* _Exercise aim_: Number of lines below with the word "True": state it and write nothing more.

%%

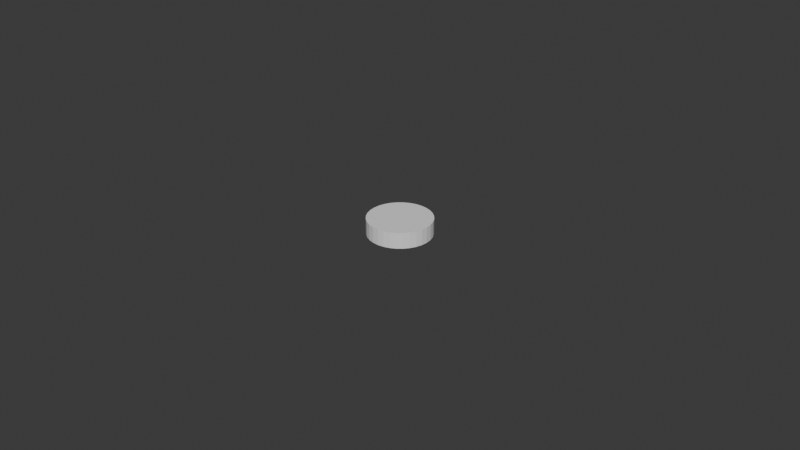 # Source: disc.blend  (saved by Blender 4.2.66; exported with 4.5.12 LTS)
import bpy
from mathutils import Matrix  # noqa: F401  (used for matrix-valued properties, if any)

bpy.ops.wm.read_factory_settings(use_empty=True)
scene = bpy.context.scene
scene.name = 'Scene'

# ---- collections
col_collection = bpy.data.collections.new('Collection'); scene.collection.children.link(col_collection)

# ---- world
world_world = bpy.data.worlds.new('World'); scene.world = world_world
world_world.use_nodes = True; world_world.node_tree.nodes.clear()
_N = world_world.node_tree.nodes; _L = world_world.node_tree.links
n0 = _N.new('ShaderNodeOutputWorld'); n0.name = 'World Output'; n0.location = (300, 300)
n1 = _N.new('ShaderNodeBackground'); n1.name = 'Background'; n1.location = (10, 300)
n1.inputs[0].default_value = (0.05088, 0.05088, 0.05088, 1.0)
_L.new(n1.outputs[0], n0.inputs[0])
n0.is_active_output = True
world_world.color = (0.05088, 0.05088, 0.05088)
world_world.sun_shadow_jitter_overblur = 0.0

# ---- meshes
me_cylinder = bpy.data.meshes.new('Cylinder')
me_cylinder.from_pydata([(0.0, 1.0, -1.0), (0.0, 1.0, 1.0), (0.1951, 0.9808, -1.0), (0.1951, 0.9808, 1.0), (0.3827, 0.9239, -1.0), (0.3827, 0.9239, 1.0), (0.5556, 0.8315, -1.0), (0.5556, 0.8315, 1.0), (0.7071, 0.7071, -1.0), (0.7071, 0.7071, 1.0), (0.8315, 0.5556, -1.0), (0.8315, 0.5556, 1.0), (0.9239, 0.3827, -1.0), (0.9239, 0.3827, 1.0), (0.9808, 0.1951, -1.0), (0.9808, 0.1951, 1.0), (1.0, 0.0, -1.0), (1.0, 0.0, 1.0), (0.9808, -0.1951, -1.0), (0.9808, -0.1951, 1.0), (0.9239, -0.3827, -1.0), (0.9239, -0.3827, 1.0), (0.8315, -0.5556, -1.0), (0.8315, -0.5556, 1.0), (0.7071, -0.7071, -1.0), (0.7071, -0.7071, 1.0), (0.5556, -0.8315, -1.0), (0.5556, -0.8315, 1.0), (0.3827, -0.9239, -1.0), (0.3827, -0.9239, 1.0), (0.1951, -0.9808, -1.0), (0.1951, -0.9808, 1.0), (0.0, -1.0, -1.0), (0.0, -1.0, 1.0), (-0.1951, -0.9808, -1.0), (-0.1951, -0.9808, 1.0), (-0.3827, -0.9239, -1.0), (-0.3827, -0.9239, 1.0), (-0.5556, -0.8315, -1.0), (-0.5556, -0.8315, 1.0), (-0.7071, -0.7071, -1.0), (-0.7071, -0.7071, 1.0), (-0.8315, -0.5556, -1.0), (-0.8315, -0.5556, 1.0), (-0.9239, -0.3827, -1.0), (-0.9239, -0.3827, 1.0), (-0.9808, -0.1951, -1.0), (-0.9808, -0.1951, 1.0), (-1.0, 0.0, -1.0), (-1.0, 0.0, 1.0), (-0.9808, 0.1951, -1.0), (-0.9808, 0.1951, 1.0), (-0.9239, 0.3827, -1.0), (-0.9239, 0.3827, 1.0), (-0.8315, 0.5556, -1.0), (-0.8315, 0.5556, 1.0), (-0.7071, 0.7071, -1.0), (-0.7071, 0.7071, 1.0), (-0.5556, 0.8315, -1.0), (-0.5556, 0.8315, 1.0), (-0.3827, 0.9239, -1.0), (-0.3827, 0.9239, 1.0), (-0.1951, 0.9808, -1.0), (-0.1951, 0.9808, 1.0)], [], [(0, 1, 3, 2), (2, 3, 5, 4), (4, 5, 7, 6), (6, 7, 9, 8), (8, 9, 11, 10), (10, 11, 13, 12), (12, 13, 15, 14), (14, 15, 17, 16), (16, 17, 19, 18), (18, 19, 21, 20), (20, 21, 23, 22), (22, 23, 25, 24), (24, 25, 27, 26), (26, 27, 29, 28), (28, 29, 31, 30), (30, 31, 33, 32), (32, 33, 35, 34), (34, 35, 37, 36), (36, 37, 39, 38), (38, 39, 41, 40), (40, 41, 43, 42), (42, 43, 45, 44), (44, 45, 47, 46), (46, 47, 49, 48), (48, 49, 51, 50), (50, 51, 53, 52), (52, 53, 55, 54), (54, 55, 57, 56), (56, 57, 59, 58), (58, 59, 61, 60), (3, 1, 63, 61, 59, 57, 55, 53, 51, 49, 47, 45, 43, 41, 39, 37, 35, 33, 31, 29, 27, 25, 23, 21, 19, 17, 15, 13, 11, 9, 7, 5), (60, 61, 63, 62), (62, 63, 1, 0), (0, 2, 4, 6, 8, 10, 12, 14, 16, 18, 20, 22, 24, 26, 28, 30, 32, 34, 36, 38, 40, 42, 44, 46, 48, 50, 52, 54, 56, 58, 60, 62)])
me_cylinder.update()

# ---- objects
ob_disc = bpy.data.objects.new('disc', me_cylinder)
ob_source = bpy.data.objects.new('source', None)
ob_spatialdose = bpy.data.objects.new('spatialDose', None)

# ---- transforms, parenting, visibility, modifiers, constraints
ob_disc.location = (0.0, 0.0, 0.0025)
ob_disc.scale = (0.01, 0.01, 0.0025)
ob_source.location = (0.0, 0.0, -0.0001)
ob_source.scale = (0.0, 0.0, 0.0)
ob_spatialdose.location = (0.5, 0.5, 0.0025)
ob_spatialdose.scale = (1.0, 1.0, 0.005)
ob_spatialdose.empty_display_type = 'CUBE'

# ---- collection membership
col_collection.objects.link(ob_disc)
col_collection.objects.link(ob_source)
col_collection.objects.link(ob_spatialdose)

# ---- scene / render settings (as saved in the file)
scene.frame_start = 1; scene.frame_end = 250; scene.frame_set(1)
scene.render.engine = 'BLENDER_EEVEE_NEXT'
bpy.context.view_layer.update()

# ---- added for rendering (the .blend has no active camera and no usable light): camera, sun
cam_auto = bpy.data.cameras.new('AutoCamera')
cam_auto.lens = 50.0
cam_auto.sensor_width = 36.0
cam_auto.clip_end = 1000.0
ob_auto_camera = bpy.data.objects.new('AutoCamera', cam_auto)
scene.collection.objects.link(ob_auto_camera)
ob_auto_camera.location = (0.185045, -0.222054, 0.150536)
ob_auto_camera.rotation_euler = (1.09748, -7.21219e-08, 0.694738)
scene.camera = ob_auto_camera
light_auto_sun = bpy.data.lights.new('AutoSun', 'SUN')
light_auto_sun.energy = 3.0
light_auto_sun.angle = 0.0523599
ob_auto_sun = bpy.data.objects.new('AutoSun', light_auto_sun)
scene.collection.objects.link(ob_auto_sun)
ob_auto_sun.rotation_euler = (0.872665, 0.174533, 0.523599)
bpy.context.view_layer.update()
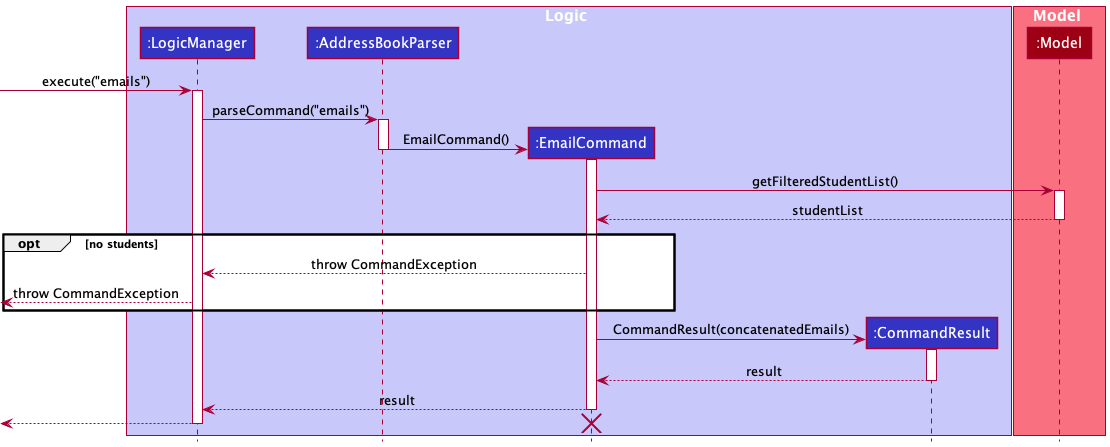

The diagram above was rendered by PlantUML. Its source (embedded in the PNG):
@startuml
!include ../style.puml

box Logic LOGIC_COLOR_T1
participant ":LogicManager" as LogicManager LOGIC_COLOR
participant ":AddressBookParser" as AddressBookParser LOGIC_COLOR
participant ":EmailCommand" as EmailCommand LOGIC_COLOR
participant ":CommandResult" as CommandResult LOGIC_COLOR
end box

box Model MODEL_COLOR_T1
participant ":Model" as Model MODEL_COLOR
end box

[-> LogicManager : execute("emails")
activate LogicManager

LogicManager -> AddressBookParser : parseCommand("emails")
activate AddressBookParser

create EmailCommand
AddressBookParser -> EmailCommand : EmailCommand()
activate EmailCommand

deactivate AddressBookParser

EmailCommand -> Model : getFilteredStudentList()
activate Model

Model --> EmailCommand : studentList
deactivate Model

opt no students
    EmailCommand --> LogicManager : throw CommandException
    [<--LogicManager : throw CommandException
end opt

create CommandResult
EmailCommand -> CommandResult : CommandResult(concatenatedEmails)
activate CommandResult

CommandResult --> EmailCommand : result
deactivate CommandResult

EmailCommand --> LogicManager : result
deactivate EmailCommand

[<--LogicManager
destroy EmailCommand
deactivate LogicManager
@enduml

%%

* _Result for this exercise_: 3